Shite. For the cost of getting another couple of Marauders or a Chaos Warrior, you can get a Mark of Slaanesh. Losing an entire unit because you autofailed a Fear Test or decided to hit on 6's because you failed a Leadership test is just stupidity.

Only time that I wouldn't take a Mark to preserve points is on a Marauder Cavalry Cavalry unit, and since their role is War Machine/Ranged unit hunting, and the only Fear/Terror Causes there are Hellcannons, Screaming Skull Catalpults, Stegadon, Skeleton Archers and Flamers, there aren't that many in any case - the only things out of those I'd even remotely decide to go anywhere near are Skeleton Archers/SCC, mainly because they're skeletons, the rest will rip you apart.


----------



## MaidenManiac (Oct 2, 2008)

Vaz said:


> Shite. For the cost of getting another couple of Marauders or a Chaos Warrior, you can get a Mark of Slaanesh. Losing an entire unit because you autofailed a Fear Test or decided to hit on 6's because you failed a Leadership test is just stupidity....


This is probably the best answer to it you'll ever get:goodpost:

Call it "Oggabogga of Whatnot" instead if you like but do consider having mark(s) on the army. Unlike 6th ed, and 3,5ed 40k chaos its not worth skipping marks anymore. Totally the opposite in fact, you are ment to mix marks in the army. If you wanna go cheap on it just call it "Morale of the Dark Gods" and give all MoS to remove the psychologytests or somethingk:


----------



## Ascendant Valor (Jan 3, 2009)

It would seem then that, based upon the rather high points costs for most of the nastiest units in WoC, marks are necessary to some degree.

Now, if you were going all Marauder, it may be done. But then you'd really need to benefit from any kind of buffs a character can lend to the units. Chaos Warriors are too expensive to go without the buffs, yet Chaos Knights nor the Monsters really need them; instead, they benefit heartily from Marks.

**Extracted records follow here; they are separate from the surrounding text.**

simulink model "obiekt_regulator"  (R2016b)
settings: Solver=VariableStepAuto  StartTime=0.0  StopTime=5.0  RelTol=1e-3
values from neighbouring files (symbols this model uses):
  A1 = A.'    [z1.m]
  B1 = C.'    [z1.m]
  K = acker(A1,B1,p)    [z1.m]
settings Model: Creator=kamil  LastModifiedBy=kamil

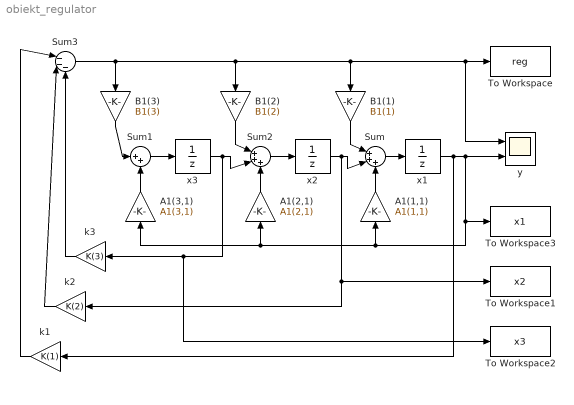
== system obiekt_regulator ==
  A1(1,1) : Gain  Gain=A1(1,1)
  A1(2,1) : Gain  Gain=A1(2,1)
  A1(3,1) : Gain  Gain=A1(3,1)
  B1(1) : Gain  Gain=B1(1)
  B1(2) : Gain  Gain=B1(2)
  B1(3) : Gain  Gain=B1(3)
  Sum : Sum  Inputs=|+++
  Sum1 : Sum  Inputs=|++
  Sum2 : Sum  Inputs=|+++
  Sum3 : Sum  Inputs=|---
  To Workspace : ToWorkspace  VariableName=reg  SaveFormat=Structure With Time  SampleTime=-1
  To Workspace1 : ToWorkspace  VariableName=x2  SaveFormat=Structure With Time  SampleTime=-1
  To Workspace2 : ToWorkspace  VariableName=x3  SaveFormat=Structure With Time  SampleTime=-1
  To Workspace3 : ToWorkspace  VariableName=x1  SaveFormat=Structure With Time  SampleTime=-1
  k1 : Gain  Gain=K(1)
  k2 : Gain  Gain=K(2)
  k3 : Gain  Gain=K(3)
  x1 : UnitDelay  InitialCondition=3  SampleTime=-1
  x2 : UnitDelay  InitialCondition=-1  SampleTime=-1
  x3 : UnitDelay  InitialCondition=1  SampleTime=-1
  y : Scope  NumInputPorts=2
  wires:
  B1(3)/1 -> Sum1/1
  Sum3/1 -> To Workspace/1, y/1, B1(1)/1, B1(2)/1, B1(3)/1
  Sum1/1 -> x3/1
  A1(1,1)/1 -> Sum/3
  A1(2,1)/1 -> Sum2/3
  A1(3,1)/1 -> Sum1/2
  Sum/1 -> x1/1
  x2/1 -> To Workspace1/1, k2/1, Sum/2
  Sum2/1 -> x2/1
  B1(1)/1 -> Sum/1
  B1(2)/1 -> Sum2/1
  k3/1 -> Sum3/3
  k2/1 -> Sum3/2
  k1/1 -> Sum3/1
  x1/1 -> k1/1, y/2, To Workspace3/1, A1(3,1)/1, A1(2,1)/1, A1(1,1)/1
  x3/1 -> To Workspace2/1, k3/1, Sum2/2

Perhaps an all Marauder and Monster army?


----------



## MaidenManiac (Oct 2, 2008)

To put it more into clear words. MoS costs the same as 2 marauders with flails. It is very hard to justify not buying that on all units that dont get other marks:nono: 
Its a damn cheap insurance for knowing that your units does what you want them to, and not fails a psychologyroll the turn before charging, or taking of with your 2 Sorcerers thus leaving you without magical protection or anything similar:shok:


----------